Tal vez por ese motivo, parece que Mistral es mucho más dura y frontal de lo que nunca lo fue Neruda — que también fue comunista — y que su notoria elocuencia política tiene relación con el habitual cuestionamiento sobre su manera de interpretar su propia obra poética. Aún así, su trascendencia está cercana a una forma de asumirla como elemento histórico que incluso el valor elemental. Como mujer y creadora, Mistral se aleja de cualquier cliché y crea para si misma una imagen que calza perfectamente en el ideario de una figura literaria de su calibre. La primera mujer en ganar el premio Nobel en lengua española, que a la vez era docente y diplomática, no parecía conformarse con la idea de transitar ese estereotipo del escritor recluido, en su idea sobre el mundo, en su perenne búsqueda de significado. Mistral no era una víctima de sí misma ni tampoco de su talento.

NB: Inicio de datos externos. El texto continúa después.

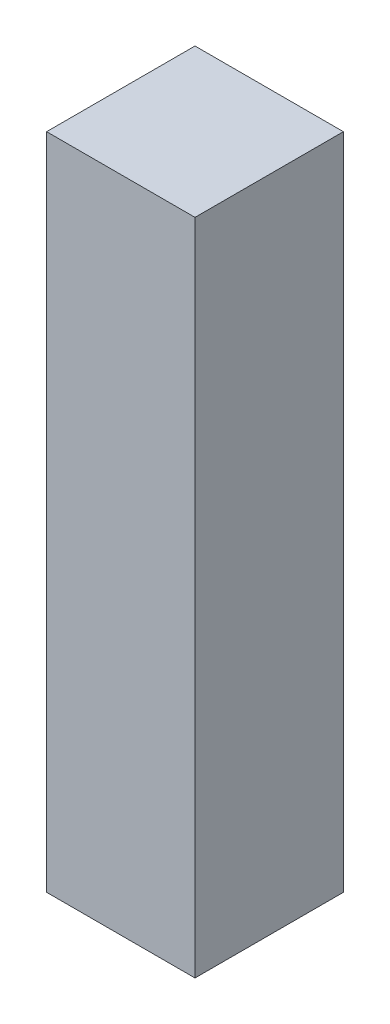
ISO-10303-21;
HEADER;
FILE_DESCRIPTION(('STEP AP214'),'2;1');
FILE_NAME('part.step','',(''),(''),'','','');
FILE_SCHEMA(('AUTOMOTIVE_DESIGN { 1 0 10303 214 1 1 1 1 }'));
ENDSEC;
DATA;
#1=APPLICATION_CONTEXT('core data for automotive mechanical design processes');
#2=APPLICATION_PROTOCOL_DEFINITION('international standard','automotive_design',2000,#1);
#3=PRODUCT_CONTEXT('',#1,'mechanical');
#4=PRODUCT('Part','Part','',(#3));
#5=PRODUCT_RELATED_PRODUCT_CATEGORY('part','',(#4));
#6=PRODUCT_DEFINITION_FORMATION('','',#4);
#7=PRODUCT_DEFINITION_CONTEXT('part definition',#1,'design');
#8=PRODUCT_DEFINITION('design','',#6,#7);
#9=PRODUCT_DEFINITION_SHAPE('','',#8);
#10=(LENGTH_UNIT() NAMED_UNIT(*) SI_UNIT(.MILLI.,.METRE.));
#11=(NAMED_UNIT(*) PLANE_ANGLE_UNIT() SI_UNIT($,.RADIAN.));
#12=(NAMED_UNIT(*) SI_UNIT($,.STERADIAN.) SOLID_ANGLE_UNIT());
#13=UNCERTAINTY_MEASURE_WITH_UNIT(LENGTH_MEASURE(1.E-05),#10,'distance_accuracy_value','');
#14=(GEOMETRIC_REPRESENTATION_CONTEXT(3) GLOBAL_UNCERTAINTY_ASSIGNED_CONTEXT((#13)) GLOBAL_UNIT_ASSIGNED_CONTEXT((#10,
#11,#12)) REPRESENTATION_CONTEXT('',''));
#15=CARTESIAN_POINT('',(0.,0.,0.));
#16=DIRECTION('',(0.,0.,1.));
#17=DIRECTION('',(1.,0.,0.));
#18=AXIS2_PLACEMENT_3D('',#15,#16,#17);
#19=CARTESIAN_POINT('',(-3.26646443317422,29.,-3.26646443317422));
#20=DIRECTION('',(1.,0.,0.));
#21=DIRECTION('',(0.,0.,-1.));
#22=AXIS2_PLACEMENT_3D('',#19,#20,#21);
#23=PLANE('',#22);
#24=DIRECTION('',(0.,0.,1.));
#25=VECTOR('',#24,1.);
#26=CARTESIAN_POINT('',(-3.26646443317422,0.,-3.26646443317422));
#27=LINE('',#26,#25);
#28=CARTESIAN_POINT('',(-3.26646443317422,0.,-3.26646443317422));
#29=VERTEX_POINT('',#28);
#30=CARTESIAN_POINT('',(-3.26646443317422,0.,3.26646443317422));
#31=VERTEX_POINT('',#30);
#32=EDGE_CURVE('E99',#29,#31,#27,.T.);
#33=ORIENTED_EDGE('',*,*,#32,.T.);
#34=DIRECTION('',(0.,-1.,0.));
#35=VECTOR('',#34,1.);
#36=CARTESIAN_POINT('',(-3.26646443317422,29.,3.26646443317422));
#37=LINE('',#36,#35);
#38=CARTESIAN_POINT('',(-3.26646443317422,29.,3.26646443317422));
#39=VERTEX_POINT('',#38);
#40=EDGE_CURVE('E11',#39,#31,#37,.T.);
#41=ORIENTED_EDGE('',*,*,#40,.F.);
#42=DIRECTION('',(0.,0.,1.));
#43=VECTOR('',#42,1.);
#44=CARTESIAN_POINT('',(-3.26646443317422,29.,-3.26646443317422));
#45=LINE('',#44,#43);
#46=CARTESIAN_POINT('',(-3.26646443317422,29.,-3.26646443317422));
#47=VERTEX_POINT('',#46);
#48=EDGE_CURVE('E87',#47,#39,#45,.T.);
#49=ORIENTED_EDGE('',*,*,#48,.F.);
#50=DIRECTION('',(0.,-1.,0.));
#51=VECTOR('',#50,1.);
#52=CARTESIAN_POINT('',(-3.26646443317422,29.,-3.26646443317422));
#53=LINE('',#52,#51);
#54=EDGE_CURVE('E95',#47,#29,#53,.T.);
#55=ORIENTED_EDGE('',*,*,#54,.T.);
#56=EDGE_LOOP('',(#33,#41,#49,#55));
#57=FACE_BOUND('',#56,.T.);
#58=ADVANCED_FACE('F36',(#57),#23,.F.);
#59=CARTESIAN_POINT('',(-3.26646443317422,29.,3.26646443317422));
#60=DIRECTION('',(0.,0.,-1.));
#61=DIRECTION('',(-1.,0.,0.));
#62=AXIS2_PLACEMENT_3D('',#59,#60,#61);
#63=PLANE('',#62);
#64=DIRECTION('',(1.,0.,0.));
#65=VECTOR('',#64,1.);
#66=CARTESIAN_POINT('',(-3.26646443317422,0.,3.26646443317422));
#67=LINE('',#66,#65);
#68=CARTESIAN_POINT('',(3.26646443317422,0.,3.26646443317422));
#69=VERTEX_POINT('',#68);
#70=EDGE_CURVE('E91',#31,#69,#67,.T.);
#71=ORIENTED_EDGE('',*,*,#70,.T.);
#72=DIRECTION('',(0.,-1.,0.));
#73=VECTOR('',#72,1.);
#74=CARTESIAN_POINT('',(3.26646443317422,29.,3.26646443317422));
#75=LINE('',#74,#73);
#76=CARTESIAN_POINT('',(3.26646443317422,29.,3.26646443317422));
#77=VERTEX_POINT('',#76);
#78=EDGE_CURVE('E44',#77,#69,#75,.T.);
#79=ORIENTED_EDGE('',*,*,#78,.F.);
#80=DIRECTION('',(1.,0.,0.));
#81=VECTOR('',#80,1.);
#82=CARTESIAN_POINT('',(-3.26646443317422,29.,3.26646443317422));
#83=LINE('',#82,#81);
#84=EDGE_CURVE('E82',#39,#77,#83,.T.);
#85=ORIENTED_EDGE('',*,*,#84,.F.);
#86=ORIENTED_EDGE('',*,*,#40,.T.);
#87=EDGE_LOOP('',(#71,#79,#85,#86));
#88=FACE_BOUND('',#87,.T.);
#89=ADVANCED_FACE('F90',(#88),#63,.F.);
#90=CARTESIAN_POINT('',(3.26646443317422,29.,-3.26646443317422));
#91=DIRECTION('',(-1.,0.,0.));
#92=DIRECTION('',(0.,0.,1.));
#93=AXIS2_PLACEMENT_3D('',#90,#91,#92);
#94=PLANE('',#93);
#95=DIRECTION('',(0.,0.,-1.));
#96=VECTOR('',#95,1.);
#97=CARTESIAN_POINT('',(3.26646443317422,0.,-3.26646443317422));
#98=LINE('',#97,#96);
#99=CARTESIAN_POINT('',(3.26646443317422,0.,-3.26646443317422));
#100=VERTEX_POINT('',#99);
#101=EDGE_CURVE('E69',#69,#100,#98,.T.);
#102=ORIENTED_EDGE('',*,*,#101,.T.);
#103=DIRECTION('',(0.,-1.,0.));
#104=VECTOR('',#103,1.);
#105=CARTESIAN_POINT('',(3.26646443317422,29.,-3.26646443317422));
#106=LINE('',#105,#104);
#107=CARTESIAN_POINT('',(3.26646443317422,29.,-3.26646443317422));
#108=VERTEX_POINT('',#107);
#109=EDGE_CURVE('E92',#108,#100,#106,.T.);
#110=ORIENTED_EDGE('',*,*,#109,.F.);
#111=DIRECTION('',(0.,0.,-1.));
#112=VECTOR('',#111,1.);
#113=CARTESIAN_POINT('',(3.26646443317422,29.,-3.26646443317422));
#114=LINE('',#113,#112);
#115=EDGE_CURVE('E85',#77,#108,#114,.T.);
#116=ORIENTED_EDGE('',*,*,#115,.F.);
#117=ORIENTED_EDGE('',*,*,#78,.T.);
#118=EDGE_LOOP('',(#102,#110,#116,#117));
#119=FACE_BOUND('',#118,.T.);
#120=ADVANCED_FACE('F93',(#119),#94,.F.);
#121=CARTESIAN_POINT('',(-3.26646443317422,29.,-3.26646443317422));
#122=DIRECTION('',(0.,0.,1.));
#123=DIRECTION('',(1.,0.,0.));
#124=AXIS2_PLACEMENT_3D('',#121,#122,#123);
#125=PLANE('',#124);
#126=DIRECTION('',(-1.,0.,0.));
#127=VECTOR('',#126,1.);
#128=CARTESIAN_POINT('',(-3.26646443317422,0.,-3.26646443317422));
#129=LINE('',#128,#127);
#130=EDGE_CURVE('E75',#100,#29,#129,.T.);
#131=ORIENTED_EDGE('',*,*,#130,.T.);
#132=ORIENTED_EDGE('',*,*,#54,.F.);
#133=DIRECTION('',(-1.,0.,0.));
#134=VECTOR('',#133,1.);
#135=CARTESIAN_POINT('',(-3.26646443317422,29.,-3.26646443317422));
#136=LINE('',#135,#134);
#137=EDGE_CURVE('E52',#108,#47,#136,.T.);
#138=ORIENTED_EDGE('',*,*,#137,.F.);
#139=ORIENTED_EDGE('',*,*,#109,.T.);
#140=EDGE_LOOP('',(#131,#132,#138,#139));
#141=FACE_BOUND('',#140,.T.);
#142=ADVANCED_FACE('F106',(#141),#125,.F.);
#143=CARTESIAN_POINT('',(0.,29.,0.));
#144=DIRECTION('',(0.,1.,0.));
#145=DIRECTION('',(0.,0.,1.));
#146=AXIS2_PLACEMENT_3D('',#143,#144,#145);
#147=PLANE('',#146);
#148=ORIENTED_EDGE('',*,*,#48,.T.);
#149=ORIENTED_EDGE('',*,*,#84,.T.);
#150=ORIENTED_EDGE('',*,*,#115,.T.);
#151=ORIENTED_EDGE('',*,*,#137,.T.);
#152=EDGE_LOOP('',(#148,#149,#150,#151));
#153=FACE_BOUND('',#152,.T.);
#154=ADVANCED_FACE('F83',(#153),#147,.T.);
#155=CARTESIAN_POINT('',(0.,0.,0.));
#156=DIRECTION('',(0.,1.,0.));
#157=DIRECTION('',(0.,0.,1.));
#158=AXIS2_PLACEMENT_3D('',#155,#156,#157);
#159=PLANE('',#158);
#160=ORIENTED_EDGE('',*,*,#32,.F.);
#161=ORIENTED_EDGE('',*,*,#130,.F.);
#162=ORIENTED_EDGE('',*,*,#101,.F.);
#163=ORIENTED_EDGE('',*,*,#70,.F.);
#164=EDGE_LOOP('',(#160,#161,#162,#163));
#165=FACE_BOUND('',#164,.T.);
#166=ADVANCED_FACE('F109',(#165),#159,.F.);
#167=CLOSED_SHELL('',(#58,#89,#120,#142,#154,#166));
#168=MANIFOLD_SOLID_BREP('B2',#167);
#169=ADVANCED_BREP_SHAPE_REPRESENTATION('',(#18,#168),#14);
#170=SHAPE_DEFINITION_REPRESENTATION(#9,#169);
ENDSEC;
END-ISO-10303-21;

Era una creadora con el libre albedrío de comprender hacia donde le conducía sus búsquedas y obsesiones. Hacia donde quería encaminarlas.

Mistral logró además, que la poesía pasara de ser un género secundario en su país para convertirse en algo más orgánico y poderoso. Ya en 1918, los libros de Vicente Huidobro comienzan a construir lo que sería una nueva forma de comprender el lenguaje metafórico y poético. Pero fue Gabriela Mistral en 1922 con su libro “Desolación”, la que logró brindar toda una nueva dimensión al hecho de la poesía como género que sustenta un considerable poder de arraigo en la literatura de su país y de quizás, latinoamérica. Postmodernista, hermosa pero sobre todo con una enorme profundidad en el uso de significado y la belleza como una forma de trascendencia, la poesía de Mistral creó todo un nuevo matiz sobre lo que la poesía podía ser y más allá de eso, todo lo que necesitaba ser en medio de un panorama literario en constante transformación.

Con frecuencia se le acusa a Mistral de audaz, como si se tratara de un defecto que debería lamentar su obra literaria. No obstante es su audacia, su capacidad para la creación y la profundidad de su búsqueda de respuestas sobre el existencialismo, lo que le brindan una visión renovada de lo que podría ser todo un nuevo planteamiento desde la poesía. Con su libro “Tala”, Mistral no sólo deja claro que su búsqueda poética implica una renovación del género y la comprensión del elemento simbólico como parte de su obra, sino algo mucho más directo y preciosista. Mistral no tiene mayor prurito en analizar su obra desde la periferia, en hacerse preguntas insistentes sobre la poesía como vehículo espiritual. Y lo hace con ardor, con fuerza, con un poder enajenado y profundo que transforma su obra en algo casi doloroso. “Una socarradura larga que hace aullar”, por usar una expresión suya, como dijo en una oportunidad.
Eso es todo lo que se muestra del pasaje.